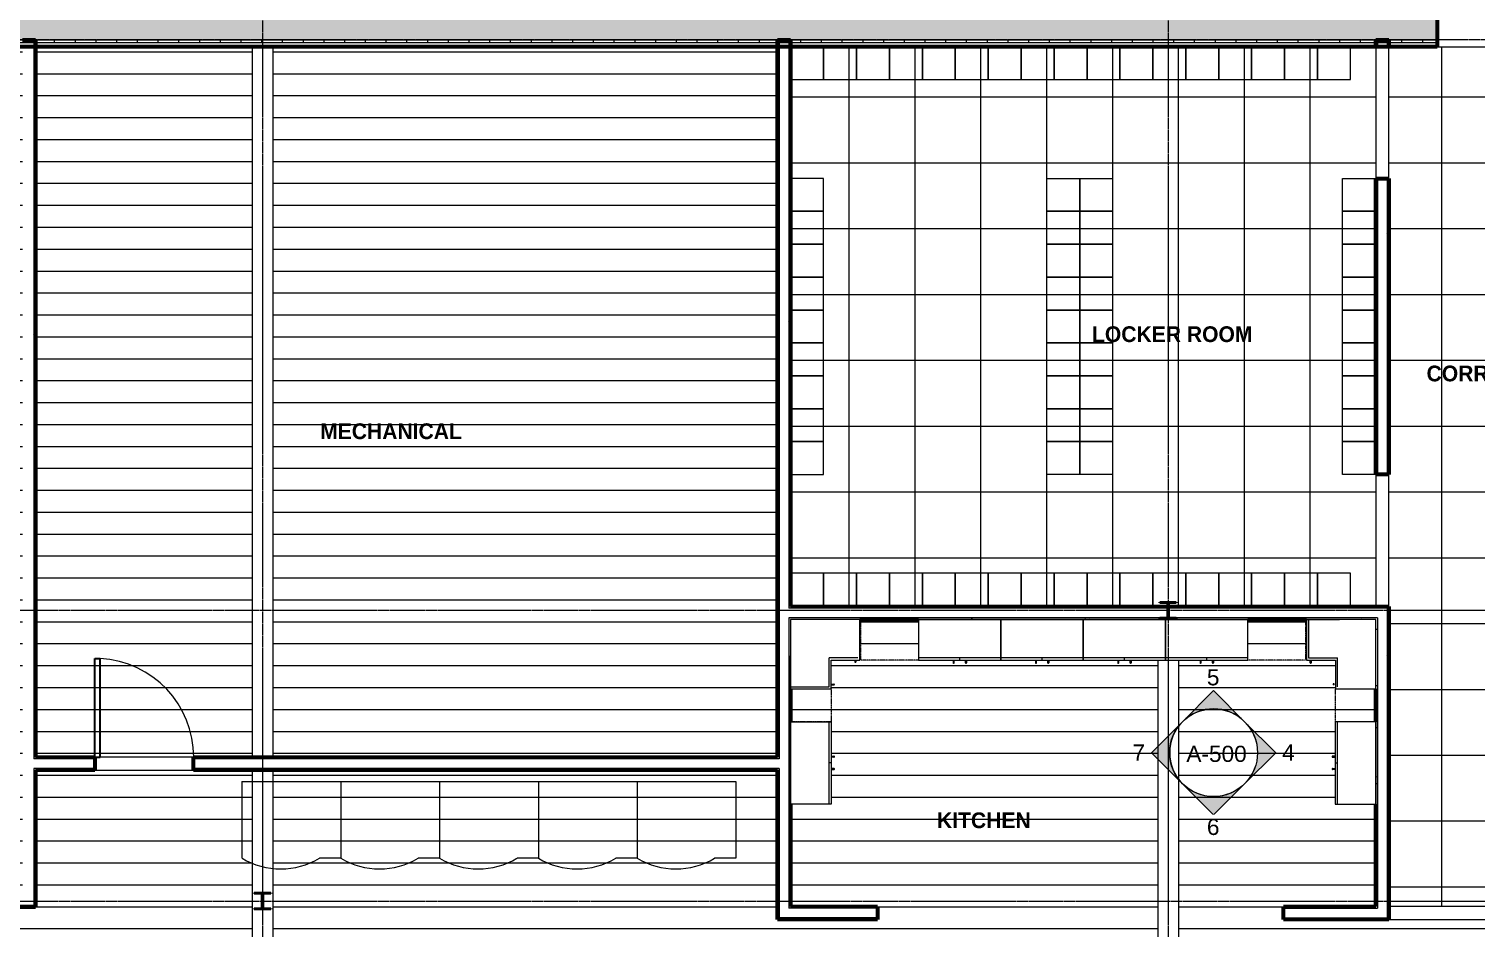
# Model space of a CAD drawing. Header units: inches. Extents: x 30 to 2293, y -1876 to -115.
# Drawn here: x 625 to 1153, y -1020 to -692 of the extents above; entities that cross this region are included whole.
import ezdxf

# ---------------------------------------------------------------- set-up
doc = ezdxf.new("R2010")
doc.units = ezdxf.units.IN
doc.header["$MEASUREMENT"] = 0
doc.linetypes.add('Grid Line 1_2_', pattern=[0.875, 0.5, -0.125, 0.125, -0.125])
doc.linetypes.add('Overhead', pattern=[0.15625, 0.09375, -0.0625])
for name, color, linetype, lineweight in [('A-AREA-IDEN', 2, 'Continuous', 9), ('A-CLNG-PATT', 13, 'Continuous', 18), ('A-DOOR', 31, 'Continuous', 18), ('A-ROOF-PATT', 132, 'Continuous', 18), ('A-WALL', 113, 'Continuous', 18), ('A-WALL-PATT', 111, 'Continuous', 60), ('G-ANNO-SYMB', 111, 'Continuous', 9), ('I-FURN', 30, 'Continuous', 9), ('I-FURN-PNLS', 30, 'Continuous', 9), ('I-WALL', 2, 'Continuous', 18), ('L-SITE-WALL', 31, 'Continuous', 18), ('Q-CASE', 31, 'Continuous', 9), ('Q-SPCQ', 91, 'Continuous', 9), ('S-BEAM', 12, 'Continuous', 9), ('S-COLS', 52, 'Continuous', 9), ('S-GRID', 1, 'Continuous', 9)]:
    doc.layers.add(name, color=color, linetype=linetype, lineweight=lineweight)
doc.styles.add('Arial', font='arial.ttf', dxfattribs={"height": 5.901198})
doc.styles.add('Century Gothic_B', font='GOTHICB.TTF', dxfattribs={"height": 5.744479})
pattern_1 = [(45, (0, 0), (-6.335677, 6.335677), []), (45, (0, 9.6), (-6.335677, 6.335677), [])]
pattern_2 = [(0, (0, 0), (20.48, 5.12), [0.845, -14.515, 0.845, -14.515, -81.92]), (0, (0, 0), (20.48, 5.12), [-30.72, 0.845, -29.875, 0.845, -14.515, -35.84]), (0, (0, 0), (20.48, 5.12), [-76.8, 0.845, -9.395, 0.845, -24.755]), (120, (7.68, 2.56), (-14.67405, 15.1762), [0.845, -14.515, 0.845, -14.515, -81.92]), (120, (7.68, 2.56), (-14.67405, 15.1762), [-30.72, 0.845, -29.875, 0.845, -14.515, -35.84]), (120, (7.68, 2.56), (-14.67405, 15.1762), [-76.8, 0.845, -9.395, 0.845, -24.755]), (240, (10.24, 12.8), (-5.80595, -20.2962), [0.845, -14.515, 0.845, -14.515, -81.92]), (240, (10.24, 12.8), (-5.80595, -20.2962), [-30.72, 0.845, -29.875, 0.845, -14.515, -35.84]), (240, (10.24, 12.8), (-5.80595, -20.2962), [-76.8, 0.845, -9.395, 0.845, -24.755])]

# ---------------------------------------------------------------- blocks, each defined once
blk = doc.blocks.new('W-Wide Flange - W18X50-651168-REFLECTED CEILING PLAN - OFFICE ANNEX')
at = {"layer": 'S-BEAM', "color": 7}
for p, q in [((1036.56, -922.59), (1036.56, -1519.23)), ((1044.06, -922.59), (1044.06, -1519.23)), ((1036.56, -1519.25), (1036.56, -1519.23)), ((1036.56, -1519.23), (1044.06, -1519.23)), ((1039.45, -1519.25), (1036.56, -1519.25)), ((1040.13, -1519.93), (1040.13, -1519.28)), ((1040.49, -1519.28), (1040.49, -1519.93)), ((1044.06, -1519.25), (1041.17, -1519.25)), ((1044.06, -1519.23), (1044.06, -1519.25))]:
    blk.add_line(p, q, dxfattribs=at)
for centre, start_param, end_param in [((1039.45, -1519.28), 0, 1.570796), ((1041.17, -1519.28), 1.570796, 3.141593)]:
    blk.add_ellipse(centre, major_axis=(0.68, 0), ratio=0.041631, start_param=start_param, end_param=end_param, dxfattribs=at)
blk = doc.blocks.new('W-Wide Flange - W18X50-V18-REFLECTED CEILING PLAN - OFFICE ANNEX')
at = {"layer": 'S-BEAM', "color": 7}
for p, q in [((706.56, -698.96), (706.56, -958.02)), ((714.06, -698.96), (714.06, -958.02)), ((706.56, -962.77), (706.56, -1519.23)), ((714.06, -962.77), (714.06, -1519.23)), ((706.56, -1519.25), (706.56, -1519.23)), ((706.56, -1519.23), (714.06, -1519.23)), ((709.45, -1519.25), (706.56, -1519.25)), ((710.13, -1519.93), (710.13, -1519.28)), ((710.49, -1519.28), (710.49, -1519.93)), ((714.06, -1519.25), (711.17, -1519.25)), ((714.06, -1519.23), (714.06, -1519.25))]:
    blk.add_line(p, q, dxfattribs=at)
for centre, start_param, end_param in [((709.45, -1519.28), 0, 1.570796), ((711.17, -1519.28), 1.570796, 3.141593)]:
    blk.add_ellipse(centre, major_axis=(0.68, 0), ratio=0.041631, start_param=start_param, end_param=end_param, dxfattribs=at)
blk = doc.blocks.new('Open Source Metal Building_Exterior_rvt-1-REFLECTED CEILING PLAN - OFFICE ANNEX')
at = {"layer": 'A-ROOF-PATT', "lineweight": 9}
h = blk.add_hatch(dxfattribs=at)
h.set_pattern_fill('FP_33', style=0, pattern_type=2)
h.set_pattern_definition([(180, (-24239.079, 21231.977), (1e-15, 7.993), [])])
h.paths.add_polyline_path([(1949.7, -1624.02), (2105.44, -1624.02), (2105.44, -1405.9), (2045.94, -1405.9), (2045.94, -1405.96), (2042.31, -1405.96), (2042.31, -1409.46), (2045.94, -1409.46), (2045.94, -1418.21), (2045.81, -1418.21), (2045.81, -1537.46), (1709.69, -1537.46), (1709.69, -1538.96), (487.19, -1538.96), (487.19, -1537.46), (367.31, -1537.46), (367.31, -1522.46), (365.81, -1522.46), (365.81, -1125.33), (365.58, -1125.33), (365.58, -1019.33), (368.31, -1019.33), (368.31, -1015.83), (365.81, -1015.83), (365.81, -1004.85), (368.31, -1004.85), (368.31, -1001.35), (186.31, -1001.35), (186.31, -1624.02), (1689.25, -1624.02)], flags=0)
h.paths.add_polyline_path([(415.94, -1532.96), (487.19, -1532.96), (487.19, -1527.71), (710.2, -1527.71), (710.2, -1521.27), (710.04, -1520.89), (709.65, -1520.73), (708.31, -1520.73), (708.31, -1520.46), (712.31, -1520.46), (712.31, -1520.73), (710.97, -1520.73), (710.59, -1520.89), (710.43, -1521.27), (710.43, -1527.71), (1040.2, -1527.71), (1040.2, -1521.27), (1040.04, -1520.89), (1039.65, -1520.73), (1038.31, -1520.73), (1038.31, -1520.46), (1042.31, -1520.46), (1042.31, -1520.73), (1040.97, -1520.73), (1040.59, -1520.89), (1040.43, -1521.27), (1040.43, -1527.71), (1102.03, -1527.71), (1102.03, -1340.96), (1181.03, -1340.96), (1181.03, -1017.21), (1082.4, -1017.21), (1082.4, -1012.46), (1116.03, -1012.46), (1116.03, -975.09), (1101.28, -975.09), (1101.28, -945.09), (1116.03, -945.09), (1116.03, -933.09), (1101.28, -933.09), (1101.28, -922.59), (1090.78, -922.59), (1090.78, -907.84), (1069.4, -907.84), (1069.4, -922.59), (1044.06, -922.59), (1044.06, -1519.25), (1036.56, -1519.23), (1036.56, -922.59), (949.4, -922.59), (949.4, -907.84), (928.03, -907.84), (928.03, -922.59), (917.53, -922.59), (917.53, -933.09), (902.78, -933.09), (902.78, -945.09), (917.53, -945.09), (917.53, -975.09), (902.78, -975.09), (902.78, -1012.46), (934.4, -1012.46), (934.4, -1017.21), (898.03, -1017.21), (898.03, -962.77), (714.06, -962.77), (714.06, -1519.25), (706.56, -1519.23), (706.56, -962.77), (627.56, -962.77), (627.56, -1012.71), (481.44, -1012.71), (481.44, -1127.7), (384.06, -1127.7), (384.06, -1519.25), (377.06, -1519.25), (377.06, -1522.46), (371.81, -1522.46), (371.81, -1532.96), (414.94, -1532.96)], flags=0)
h.paths.add_polyline_path([(2036.25, -1532.96), (2041.31, -1532.96), (2041.31, -1418.21), (2034.06, -1418.21), (2034.06, -1519.25), (2026.56, -1519.23), (2026.56, -1347.59), (1949.31, -1347.59), (1949.31, -1376.59), (1803.12, -1376.59), (1803.12, -1532.96), (2035.25, -1532.96)], flags=0)
h.paths.add_polyline_path([(1744.75, -1532.96), (1798.62, -1532.96), (1798.62, -1456.21), (1709.69, -1456.21), (1709.69, -1532.96), (1711.69, -1532.96)], flags=0)
h.paths.add_polyline_path([(2030.2, -1530.46), (2028.31, -1530.46), (2028.31, -1530.19), (2029.65, -1530.19), (2030.04, -1530.03), (2030.2, -1529.65), (2030.2, -1521.27), (2030.04, -1520.89), (2029.65, -1520.73), (2028.31, -1520.73), (2028.31, -1520.46), (2032.31, -1520.46), (2032.31, -1520.73), (2030.97, -1520.73), (2030.59, -1520.89), (2030.43, -1521.27), (2030.43, -1529.65), (2030.59, -1530.03), (2030.97, -1530.19), (2032.31, -1530.19), (2032.31, -1530.46), (2030.43, -1530.46)], flags=0)
h.paths.add_polyline_path([(380.43, -1530.46), (378.31, -1530.46), (378.31, -1530.19), (379.65, -1530.19), (380.04, -1530.03), (380.2, -1529.65), (380.2, -1521.27), (380.04, -1520.89), (379.65, -1520.73), (378.31, -1520.73), (378.31, -1520.46), (382.31, -1520.46), (382.31, -1520.73), (380.97, -1520.73), (380.59, -1520.89), (380.43, -1521.27), (380.43, -1529.65), (380.59, -1530.03), (380.97, -1530.19), (382.31, -1530.19), (382.31, -1530.46), (380.97, -1530.46)], flags=0)
h.paths.add_polyline_path([(199.31, -1530.46), (195.31, -1530.46), (195.31, -1530.19), (196.65, -1530.19), (197.04, -1530.03), (197.2, -1529.65), (197.2, -1521.27), (197.04, -1520.89), (196.65, -1520.73), (195.31, -1520.73), (195.31, -1520.46), (199.31, -1520.46), (199.31, -1520.73), (197.97, -1520.73), (197.59, -1520.89), (197.43, -1521.27), (197.43, -1529.65), (197.59, -1530.03), (197.97, -1530.19), (199.31, -1530.19)], flags=0)
h.paths.add_polyline_path([(1589.78, -1527.71), (1700.2, -1527.71), (1700.2, -1521.27), (1700.04, -1520.89), (1699.65, -1520.73), (1698.31, -1520.73), (1698.31, -1520.46), (1702.31, -1520.46), (1702.31, -1520.73), (1700.97, -1520.73), (1700.59, -1520.89), (1700.43, -1521.27), (1700.43, -1527.71), (1704.94, -1527.71), (1704.94, -1451.71), (1798.62, -1451.71), (1798.62, -1371.84), (1860.56, -1371.84), (1860.56, -800.04), (1704.06, -800.04), (1704.06, -1173.52), (1799.69, -1173.52), (1799.69, -1175.65), (1796.85, -1175.65), (1796.85, -1175.52), (1796.92, -1175.52), (1796.92, -1175.59), (1799.62, -1175.59), (1799.62, -1175.45), (1796.06, -1175.45), (1796.06, -1175.65), (1704.06, -1175.65), (1704.06, -1519.25), (1696.56, -1519.23), (1696.56, -1175.65), (1644.06, -1175.65), (1644.06, -1175.45), (1640.5, -1175.45), (1640.5, -1175.59), (1643.21, -1175.59), (1643.21, -1175.52), (1643.27, -1175.52), (1643.27, -1175.65), (1640.44, -1175.65), (1640.44, -1173.52), (1696.56, -1173.52), (1696.56, -800.04), (1589.78, -800.04), (1589.78, -1458.3)], flags=0)
h.paths.add_polyline_path([(2030.43, -1519.92), (2030.13, -1519.92), (2030.13, -1519.28), (2030.49, -1519.28), (2030.49, -1519.92)], flags=0)
h.paths.add_polyline_path([(1700.49, -1519.92), (1700.13, -1519.92), (1700.13, -1519.28), (1700.49, -1519.28)], flags=0)
h.paths.add_polyline_path([(1040.43, -1519.92), (1040.13, -1519.92), (1040.13, -1519.28), (1040.49, -1519.28), (1040.49, -1519.92)], flags=0)
h.paths.add_polyline_path([(710.49, -1519.92), (710.13, -1519.92), (710.13, -1519.28), (710.49, -1519.28)], flags=0)
h.paths.add_polyline_path([(380.13, -1519.92), (380.13, -1519.28), (380.49, -1519.28), (380.49, -1519.92), (380.2, -1519.92)], flags=0)
h.paths.add_polyline_path([(197.61, -1519.9), (197.26, -1519.9), (197.26, -1519.26), (197.61, -1519.26)], flags=0)
h.paths.add_polyline_path([(199.31, -1519.24), (193.69, -1519.21), (193.69, -1015.96), (201.19, -1015.96), (201.19, -1519.24), (199.77, -1519.24)], flags=0)
h.paths.add_polyline_path([(1800.01, -1289.65), (1799.95, -1289.65), (1799.95, -1286.82), (1800.08, -1286.82), (1800.08, -1286.88), (1800.01, -1286.88), (1800.01, -1289.59), (1800.15, -1289.59), (1800.15, -1286.03), (1799.95, -1286.03), (1799.95, -1179.27), (1800.15, -1179.27), (1800.15, -1175.71), (1801.72, -1175.71), (1801.72, -1179.27), (1802.08, -1179.27), (1802.08, -1289.65), (1800.08, -1289.65)], flags=0)
h.paths.add_polyline_path([(1802.02, -1289.59), (1802.02, -1286.09), (1801.79, -1286.09), (1801.79, -1286.28), (1801.72, -1286.28), (1801.72, -1289.59)], flags=0)
h.paths.add_polyline_path([(1796.31, -1173.88), (1799.62, -1173.88), (1799.62, -1173.59), (1796.13, -1173.59), (1796.13, -1173.81), (1796.31, -1173.81)], flags=0)
h.paths.add_polyline_path([(1642.21, -1173.88), (1643.81, -1173.88), (1643.81, -1173.81), (1644, -1173.81), (1644, -1173.59), (1640.5, -1173.59), (1640.5, -1173.88), (1640.79, -1173.88)], flags=0)
h.paths.add_polyline_path([(476.94, -1122.95), (476.94, -1012.71), (384.06, -1012.71), (384.06, -1122.95), (386.97, -1122.95)], flags=0)
h.paths.add_polyline_path([(376.31, -1122.95), (376.56, -1122.95), (376.56, -1019.33), (370.08, -1019.33), (370.08, -1122.95)], flags=0)
h.paths.add_polyline_path([(196.65, -1015.46), (195.31, -1015.46), (195.31, -1015.19), (196.65, -1015.19), (197.04, -1015.03), (197.2, -1014.65), (197.2, -1006.27), (197.04, -1005.89), (196.65, -1005.73), (195.31, -1005.73), (195.31, -1005.46), (199.31, -1005.46), (199.31, -1005.73), (197.97, -1005.73), (197.59, -1005.89), (197.43, -1006.27), (197.43, -1014.65), (197.59, -1015.03), (197.97, -1015.19), (199.31, -1015.19), (199.31, -1015.46), (197.2, -1015.46)], flags=0)
h.paths.add_polyline_path([(500.08, -1007.96), (622.81, -1007.96), (622.81, -698.96), (384.06, -698.96), (384.06, -1007.96), (481.44, -1007.96)], flags=0)
h.paths.add_polyline_path([(898.03, -958.02), (898.03, -698.96), (714.06, -698.96), (714.06, -958.02), (777.65, -958.02)], flags=0)
h.paths.add_polyline_path([(627.56, -958.02), (706.56, -958.02), (706.56, -698.96), (627.56, -698.96), (627.56, -953.85)], flags=0)
h.paths.add_polyline_path([(1100.88, -931.59), (1100.5, -931.59), (1100.5, -931.26), (1100.88, -931.26)], flags=0)
h.paths.add_polyline_path([(926.53, -923.37), (926.2, -923.37), (926.2, -922.98), (926.53, -922.98)], flags=0)
at = {"layer": 'A-WALL-PATT', "lineweight": 9}
h = blk.add_hatch(dxfattribs=at)
h.set_pattern_fill('FP_31', color=8, style=0, pattern_type=2)
h.set_pattern_definition([(161.57, (0.32, 0.32), (-2.56049618, -0.0005374), [0, -18.214, 2.022, 0]), (18.43, (-0.32, 0.32), (-2.56049618, 0.0005374), [0, -18.214, 2.022, 0]), (108.43, (0.32, 0.32), (1.2792209, -6.40087673), [6.07, -14.166]), (71.57, (-0.32, 0.32), (1.2792209, 6.40087673), [6.07, -14.166])])
h.paths.add_polyline_path([(1540.94, -696.46), (1608.4, -696.46), (1608.4, -688.46), (1540.94, -688.46)], flags=0)
h.paths.add_polyline_path([(1234.94, -696.46), (1234.94, -688.46), (1174.4, -688.46), (1174.4, -696.46)], flags=0)
h.paths.add_polyline_path([(2210.16, -696.46), (2210.16, -688.46), (1644.4, -688.46), (1644.4, -696.46), (2079.93, -696.46)], flags=0)
h.paths.add_polyline_path([(1103.22, -696.46), (1138.4, -696.46), (1138.4, -688.46), (421.56, -688.46), (421.56, -696.46), (1038.11, -696.46)], flags=0)
h.paths.add_polyline_path([(126.52, -696.46), (385.56, -696.46), (385.56, -688.46), (126.52, -688.46), (126.52, -695.73)], flags=0)
h = blk.add_hatch(dxfattribs=at)
h.set_pattern_fill('FP_32', style=0, pattern_type=2)
h.set_pattern_definition([(0, (0, 0), (0, 7.554), []), (90, (0, 0), (-7.554, 5e-16), [])])
h.paths.add_polyline_path([(1608.4, -697.46), (1608.4, -696.46), (1540.94, -696.46), (1540.94, -697.46), (1559.02, -697.46)], flags=0)
h.paths.add_polyline_path([(2079.93, -697.46), (2210.16, -697.46), (2210.16, -696.46), (2042.31, -696.46), (2042.31, -697.46), (2047.37, -697.46)], flags=0)
h.paths.add_polyline_path([(1949.7, -697.46), (2034.31, -697.46), (2034.31, -696.46), (1644.4, -696.46), (1644.4, -697.46), (1819.47, -697.46)], flags=0)
h.paths.add_polyline_path([(367.31, -697.46), (368.31, -697.46), (368.31, -696.46), (126.52, -696.46), (126.52, -697.46), (354.41, -697.46)], flags=0)
h.paths.add_polyline_path([(385.56, -697.46), (385.56, -696.46), (376.31, -696.46), (376.31, -697.46), (377.06, -697.46)], flags=0)
h.paths.add_polyline_path([(907.88, -697.46), (1138.4, -697.46), (1138.4, -696.46), (421.56, -696.46), (421.56, -697.46), (777.65, -697.46)], flags=0)
h.paths.add_polyline_path([(1174.4, -697.46), (1234.94, -697.46), (1234.94, -696.46), (1174.4, -696.46)], flags=0)
at = {"layer": 'S-COLS'}
h = blk.add_hatch(dxfattribs=at)
h.set_pattern_fill('FP_34', color=256, style=0, pattern_type=2)
h.set_pattern_definition(pattern_1)
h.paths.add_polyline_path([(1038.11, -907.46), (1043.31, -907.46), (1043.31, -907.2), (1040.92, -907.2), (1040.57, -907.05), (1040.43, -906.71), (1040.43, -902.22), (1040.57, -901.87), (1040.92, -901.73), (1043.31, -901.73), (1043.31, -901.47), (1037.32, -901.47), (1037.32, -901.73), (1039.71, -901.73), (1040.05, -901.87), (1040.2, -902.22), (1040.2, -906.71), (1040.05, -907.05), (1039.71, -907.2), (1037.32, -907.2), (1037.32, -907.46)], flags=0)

= = = =

__What the task requires__
Could you transcribe the entries above word for word, from the line with "blk = doc.blocks.new('Open" down to the line with "(1689.25, -1624.02)], flags=0)", keeping both?

__Answer box__
blk = doc.blocks.new('Open Source Metal Building_Exterior_rvt-1-REFLECTED CEILING PLAN - OFFICE ANNEX')
at = {"layer": 'A-ROOF-PATT', "lineweight": 9}
h = blk.add_hatch(dxfattribs=at)
h.set_pattern_fill('FP_33', style=0, pattern_type=2)
h.set_pattern_definition([(180, (-24239.079, 21231.977), (1e-15, 7.993), [])])
h.paths.add_polyline_path([(1949.7, -1624.02), (2105.44, -1624.02), (2105.44, -1405.9), (2045.94, -1405.9), (2045.94, -1405.96), (2042.31, -1405.96), (2042.31, -1409.46), (2045.94, -1409.46), (2045.94, -1418.21), (2045.81, -1418.21), (2045.81, -1537.46), (1709.69, -1537.46), (1709.69, -1538.96), (487.19, -1538.96), (487.19, -1537.46), (367.31, -1537.46), (367.31, -1522.46), (365.81, -1522.46), (365.81, -1125.33), (365.58, -1125.33), (365.58, -1019.33), (368.31, -1019.33), (368.31, -1015.83), (365.81, -1015.83), (365.81, -1004.85), (368.31, -1004.85), (368.31, -1001.35), (186.31, -1001.35), (186.31, -1624.02), (1689.25, -1624.02)], flags=0)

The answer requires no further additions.